Please find every line in the entries below that contains the string "ezdxf", and copy it.
──────
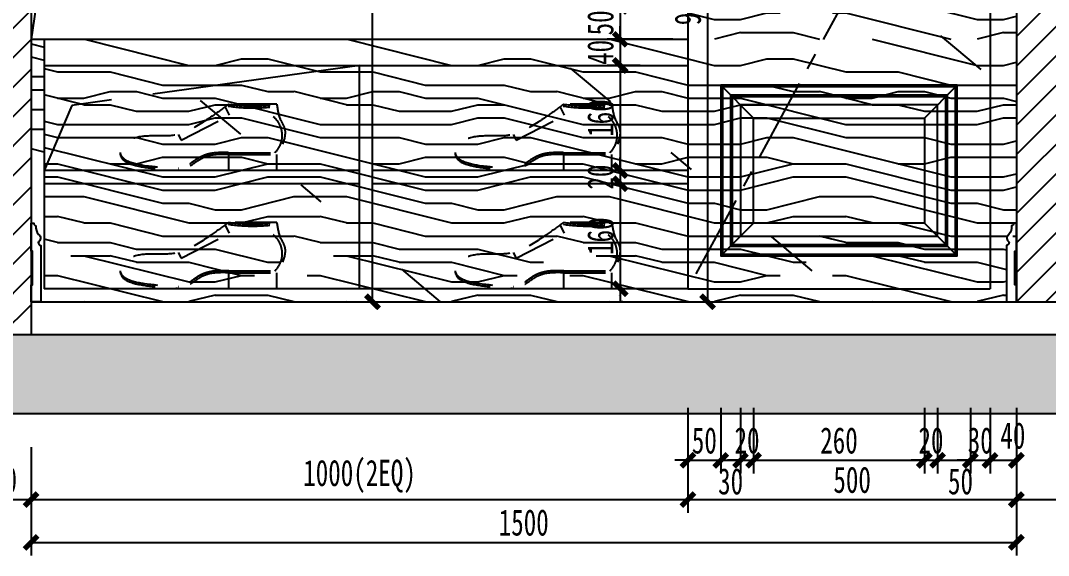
# Model space of a CAD drawing. Header units: millimetres. Extents: x 3111864 to 3154170, y -3068724 to -3044687.
# Drawn here: x 3129620 to 3131185, y -3051165 to -3050350 of the extents above; entities that cross this region are included whole.
import ezdxf

# ---------------------------------------------------------------- set-up
doc = ezdxf.new("R2010")
doc.units = ezdxf.units.MM
doc.header["$LTSCALE"] = 500
doc.header["$MEASUREMENT"] = 0
doc.header["$PDMODE"] = 2
doc.linetypes.add('CENTER', pattern=[50.8, 31.75, -6.35, 6.35, -6.35])
doc.linetypes.add('DASHED', pattern=[19.05, 12.7, -6.35])
doc.layers.get('0').update_dxf_attribs({"linetype": 'CONTINUOUS'})
doc.layers.get('DEFPOINTS').update_dxf_attribs({"linetype": 'CONTINUOUS'})
for name, color, linetype in [('A-土建墙（含管井、立管）', 6, 'CONTINUOUS'), ('D-节点尺寸', 5, 'CONTINUOUS'), ('E-立面填充', 250, 'CONTINUOUS'), ('E-立面活动家具', 22, 'DASHED'), ('E-立面轮廓线', 4, 'CONTINUOUS'), ('E-立面造型线', 3, 'CONTINUOUS'), ('W-尺寸', 5, 'CONTINUOUS')]:
    doc.layers.add(name, color=color, linetype=linetype)
doc.styles.add('DIM', font='SimSun.ttf', dxfattribs={"width": 0.7})
doc.dimstyles.new('11', dxfattribs={"dimtxt": 2, "dimasz": 1, "dimexe": 1, "dimexo": 1, "dimgap": 0.5, "dimtad": 1, "dimdec": 0, "dimzin": 0, "dimdsep": 46, "dimtxsty": 'DIM', "dimblk": 'ARCHTICK', "dimcen": 0, "dimclrd": 5, "dimclre": 5, "dimclrt": 35, "dimadec": 0, "dimazin": 0, "dimtfac": 0.5, "dimtdec": 0, "dimtix": 1, "dimtmove": 2, "dimatfit": 2, "dimldrblk": 'A', "dimfxl": 0, "dimtolj": 1, "dimtzin": 0, "dimlwd": -1, "dimlwe": -1, "dimarcsym": 0})
doc.dimstyles.new('20', dxfattribs={"dimscale": 20, "dimtxt": 2, "dimasz": 1, "dimexe": 1, "dimexo": 1, "dimgap": 0.5, "dimtad": 1, "dimdec": 0, "dimzin": 0, "dimdsep": 46, "dimtxsty": 'DIM', "dimblk": 'ARCHTICK', "dimcen": 0, "dimclrd": 5, "dimclre": 5, "dimclrt": 35, "dimadec": 0, "dimazin": 0, "dimtfac": 0.5, "dimtdec": 0, "dimtix": 1, "dimtmove": 2, "dimatfit": 2, "dimldrblk": 'A', "dimfxl": 0, "dimtolj": 1, "dimtzin": 0, "dimlwd": -1, "dimlwe": -1, "dimarcsym": 0})

# ---------------------------------------------------------------- blocks, each defined once
blk = doc.blocks.new('dfdfdhh')
at = {"layer": 'E-立面活动家具', "ltscale": 0.01}
for p, q in [((169384.3, -129033.6), (169310.8, -129033.6)), ((169311.2, -129107.5), (169381.3, -129107.6))]:
    blk.add_line(p, q, dxfattribs=at)
blk.add_lwpolyline([(169233.9, -129079.6), (169238.5, -129088.4), (169312.5, -129050.1), (169305.8, -129037.3)], dxfattribs=at)
blk.add_lwpolyline([(169311.1, -129134.7), (169311.1, -129110.4), (169384, -129110.4), (169384, -129134.7)], close=True, dxfattribs=at)
for centre, radius, start, end in [((169347.6, -128792), 247.3, 261.3395, 278.6605), ((169347.6, -128792), 244.3, 261.3395, 278.6605), ((169356, -129081.2), 36.6, 313.8118, 51.2985)]:
    blk.add_arc(centre, radius, start, end, dxfattribs=at)
for points, knots in [([(169310.8, -129033.6), (169302.5, -129039.8), (169289.9, -129049.3), (169264, -129066.7), (169226.1, -129088.4), (169182.4, -129077.9), (169156.9, -129089.6), (169148.5, -129095.2), (169146.7, -129102.1), (169142.5, -129124.1), (169194.2, -129132.1), (169222.6, -129133.5), (169234.9, -129134.2)], [0, 0, 0, 0, 31.711828, 48.79331, 96.806468, 160.998217, 174.056652, 183.591903, 190.509155, 195.275326, 250.828637, 292.604358, 292.604358, 292.604358, 292.604358]), ([(169384.3, -129033.6), (169385.5, -129042), (169387.4, -129055.2), (169397.9, -129071), (169396, -129090.9), (169388.6, -129102.9), (169384, -129110.4)], [0, 0, 0, 0, 25.789808, 40.639212, 56.626566, 83.82447, 83.82447, 83.82447, 83.82447]), ([(169145.8, -129108.1), (169148.7, -129122.2), (169195.1, -129129.2), (169222.4, -129130.6), (169234.6, -129131.3)], [199.373676, 199.373676, 199.373676, 199.373676, 250.828637, 292.604358, 292.604358, 292.604358, 292.604358]), ([(169311.2, -129107.5), (169308.5, -129107.4), (169305.9, -129107.4), (169298.3, -129107.3), (169293.5, -129107.4), (169286.3, -129108.2), (169284, -129108.6), (169279.6, -129109.6), (169277.5, -129110.1), (169273.5, -129111.5), (169271.6, -129112.3), (169264.7, -129115.7), (169260.1, -129118.8), (169254.6, -129122.8), (169253.6, -129123.6), (169251.6, -129125), (169250.7, -129125.7), (169248.7, -129127.1), (169247.7, -129127.7), (169245.9, -129128.7), (169245, -129129.1), (169243.4, -129129.8), (169242.7, -129130), (169241.2, -129130.4), (169240.4, -129130.6), (169238, -129130.9), (169236.3, -129131.1), (169234.6, -129131.3)], [0, 0, 0, 0, 7.954306, 7.954306, 22.333194, 22.333194, 29.512466, 29.512466, 35.781551, 35.781551, 42.050637, 42.050637, 58.414237, 58.414237, 62.14941, 62.14941, 65.884584, 65.884584, 69.784306, 69.784306, 73.180599, 73.180599, 75.971611, 75.971611, 78.762623, 78.762623, 84.07225, 84.07225, 84.07225, 84.07225]), ([(169311.1, -129110.4), (169299.3, -129110.1), (169279.7, -129109.6), (169258.9, -129122.8), (169246.3, -129133.1), (169238, -129133.9), (169234.9, -129134.2)], [0, 0, 0, 0, 35.415946, 58.703813, 74.57991, 84.07225, 84.07225, 84.07225, 84.07225])]:
    blk.add_open_spline(points, degree=3, knots=knots, dxfattribs=at)
blk = doc.blocks.new('_ArchTick')
at = {"color": 0, "linetype": 'ByBlock', "const_width": 0.4}
blk.add_lwpolyline([(-0.5, -0.5), (0.5, 0.5)], dxfattribs=at)
blk = doc.blocks.new('*D908')
at = {"layer": 'DEFPOINTS', "color": 0, "ltscale": 0.15}
for p in [(3131693.4, -3049058.5), (3131023, -3050758.5), (3131897.9, -3050758.5)]:
    blk.add_point(p, dxfattribs=at)
at = {"layer": 'W-尺寸', "color": 5, "ltscale": 0.15}
for p, q in [((3131817.9, -3049058.5), (3131917.9, -3049058.5)), ((3131897.9, -3049058.5), (3131897.9, -3050758.5)), ((3131817.9, -3050758.5), (3131917.9, -3050758.5))]:
    blk.add_line(p, q, dxfattribs=at)
at = {"layer": 'W-尺寸', "color": 5, "ltscale": 0.15, "xscale": 20, "yscale": 20, "zscale": 20}
for p, rotation in [((3131897.9, -3049058.5), 90), ((3131897.9, -3050758.5), 270)]:
    blk.add_blockref('_ArchTick', p, dxfattribs=dict(at, rotation=rotation))
at = {"layer": 'W-尺寸', "color": 35, "ltscale": 0.15, "insert": (3131867.9, -3049908.5), "char_height": 40, "attachment_point": 5, "rotation": 90, "style": 'DIM'}
blk.add_mtext('\\A1;1700', dxfattribs=at)
blk = doc.blocks.new('A')
for p, q in [((-1.435, 1.148), (-1.09, 1.437)), ((-1.435, 1.148), (-0.369, 0)), ((-1.09, 1.437), (0, 0)), ((-0.369, 0), (-2.127, 0)), ((-1.435, -1.148), (-0.369, 0)), ((-1.09, -1.437), (0, 0)), ((-1.435, -1.148), (-1.09, -1.437))]:
    blk.add_line(p, q)
for points in [[(-1.435, 1.148), (-1.09, 1.437), (-0.369, 0), (0, 0)], [(-1.435, -1.148), (-1.09, -1.437), (-0.369, 0), (0, 0)]]:
    blk.add_solid(points)
blk = doc.blocks.new('*D912')
at = {"layer": 'DEFPOINTS', "color": 0, "ltscale": 0.15}
for p in [(3129536.5, -3050489.9), (3129636.5, -3050489.9), (3129636.5, -3051079.9)]:
    blk.add_point(p, dxfattribs=at)
at = {"layer": 'W-尺寸', "color": 5, "ltscale": 0.15}
for p, q in [((3129536.5, -3050999.9), (3129536.5, -3051099.9)), ((3129636.5, -3050999.9), (3129636.5, -3051099.9)), ((3129536.5, -3051079.9), (3129636.5, -3051079.9))]:
    blk.add_line(p, q, dxfattribs=at)
at = {"layer": 'W-尺寸', "color": 5, "ltscale": 0.15, "xscale": 20, "yscale": 20, "zscale": 20, "rotation": 180}
blk.add_blockref('_ArchTick', (3129536.5, -3051079.9), dxfattribs=at)
at = {"layer": 'W-尺寸', "color": 5, "ltscale": 0.15, "xscale": 20, "yscale": 20, "zscale": 20}
blk.add_blockref('_ArchTick', (3129636.5, -3051079.9), dxfattribs=at)
at = {"layer": 'W-尺寸', "color": 35, "ltscale": 0.15, "insert": (3129586.5, -3051049.9), "char_height": 40, "attachment_point": 5, "style": 'DIM'}
blk.add_mtext('\\A1;100', dxfattribs=at)
blk = doc.blocks.new('*D913')
at = {"layer": 'DEFPOINTS', "color": 0, "ltscale": 0.15}
for p in [(3129636.5, -3050489.9), (3130636.5, -3050589.9), (3130636.5, -3051079.9)]:
    blk.add_point(p, dxfattribs=at)
at = {"layer": 'W-尺寸', "color": 5, "ltscale": 0.15}
for p, q in [((3129636.5, -3050999.9), (3129636.5, -3051099.9)), ((3130636.5, -3050999.9), (3130636.5, -3051099.9)), ((3129636.5, -3051079.9), (3130636.5, -3051079.9))]:
    blk.add_line(p, q, dxfattribs=at)
at = {"layer": 'W-尺寸', "color": 5, "ltscale": 0.15, "xscale": 20, "yscale": 20, "zscale": 20, "rotation": 180}
blk.add_blockref('_ArchTick', (3129636.5, -3051079.9), dxfattribs=at)
at = {"layer": 'W-尺寸', "color": 5, "ltscale": 0.15, "xscale": 20, "yscale": 20, "zscale": 20}
blk.add_blockref('_ArchTick', (3130636.5, -3051079.9), dxfattribs=at)
at = {"layer": 'W-尺寸', "color": 35, "ltscale": 0.15, "insert": (3130136.5, -3051044.5), "char_height": 40, "attachment_point": 5, "style": 'DIM'}
blk.add_mtext('\\A1;1000(2EQ)', dxfattribs=at)
blk = doc.blocks.new('*D914')
at = {"layer": 'DEFPOINTS', "color": 0, "ltscale": 0.15}
for p in [(3131136.5, -3050489.9), (3130636.5, -3050589.9), (3131136.5, -3051079.9)]:
    blk.add_point(p, dxfattribs=at)
at = {"layer": 'W-尺寸', "color": 5, "ltscale": 0.15}
for p, q in [((3130636.5, -3050999.9), (3130636.5, -3051099.9)), ((3131136.5, -3050999.9), (3131136.5, -3051099.9)), ((3130636.5, -3051079.9), (3131136.5, -3051079.9))]:
    blk.add_line(p, q, dxfattribs=at)
at = {"layer": 'W-尺寸', "color": 5, "ltscale": 0.15, "xscale": 20, "yscale": 20, "zscale": 20, "rotation": 180}
blk.add_blockref('_ArchTick', (3130636.5, -3051079.9), dxfattribs=at)
at = {"layer": 'W-尺寸', "color": 5, "ltscale": 0.15, "xscale": 20, "yscale": 20, "zscale": 20}
blk.add_blockref('_ArchTick', (3131136.5, -3051079.9), dxfattribs=at)
at = {"layer": 'W-尺寸', "color": 35, "ltscale": 0.15, "insert": (3130886.5, -3051049.9), "char_height": 40, "attachment_point": 5, "style": 'DIM'}
blk.add_mtext('\\A1;500', dxfattribs=at)
blk = doc.blocks.new('*D915')
at = {"layer": 'DEFPOINTS', "color": 0, "ltscale": 0.15}
for p in [(3131136.5, -3050489.9), (3131536.5, -3050609.9), (3131536.5, -3051079.9)]:
    blk.add_point(p, dxfattribs=at)
at = {"layer": 'W-尺寸', "color": 5, "ltscale": 0.15}
for p, q in [((3131136.5, -3050999.9), (3131136.5, -3051099.9)), ((3131536.5, -3050999.9), (3131536.5, -3051099.9)), ((3131136.5, -3051079.9), (3131536.5, -3051079.9))]:
    blk.add_line(p, q, dxfattribs=at)
at = {"layer": 'W-尺寸', "color": 5, "ltscale": 0.15, "xscale": 20, "yscale": 20, "zscale": 20, "rotation": 180}
blk.add_blockref('_ArchTick', (3131136.5, -3051079.9), dxfattribs=at)
at = {"layer": 'W-尺寸', "color": 5, "ltscale": 0.15, "xscale": 20, "yscale": 20, "zscale": 20}
blk.add_blockref('_ArchTick', (3131536.5, -3051079.9), dxfattribs=at)
at = {"layer": 'W-尺寸', "color": 35, "ltscale": 0.15, "insert": (3131336.5, -3051049.9), "char_height": 40, "attachment_point": 5, "style": 'DIM'}
blk.add_mtext('\\A1;400', dxfattribs=at)
blk = doc.blocks.new('*D917')
at = {"layer": 'DEFPOINTS', "color": 0, "ltscale": 0.15}
for p in [(3129636.5, -3051072.6), (3131136.5, -3051072.6), (3131136.5, -3051145)]:
    blk.add_point(p, dxfattribs=at)
at = {"layer": 'W-尺寸', "color": 5, "ltscale": 0.15}
for p, q in [((3129636.5, -3051092.6), (3129636.5, -3051165)), ((3131136.5, -3051092.6), (3131136.5, -3051165)), ((3129636.5, -3051145), (3131136.5, -3051145))]:
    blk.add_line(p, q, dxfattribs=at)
──────
RESPONSE TO THE TASK:
import ezdxf
doc = ezdxf.new("R2010")
doc.units = ezdxf.units.MM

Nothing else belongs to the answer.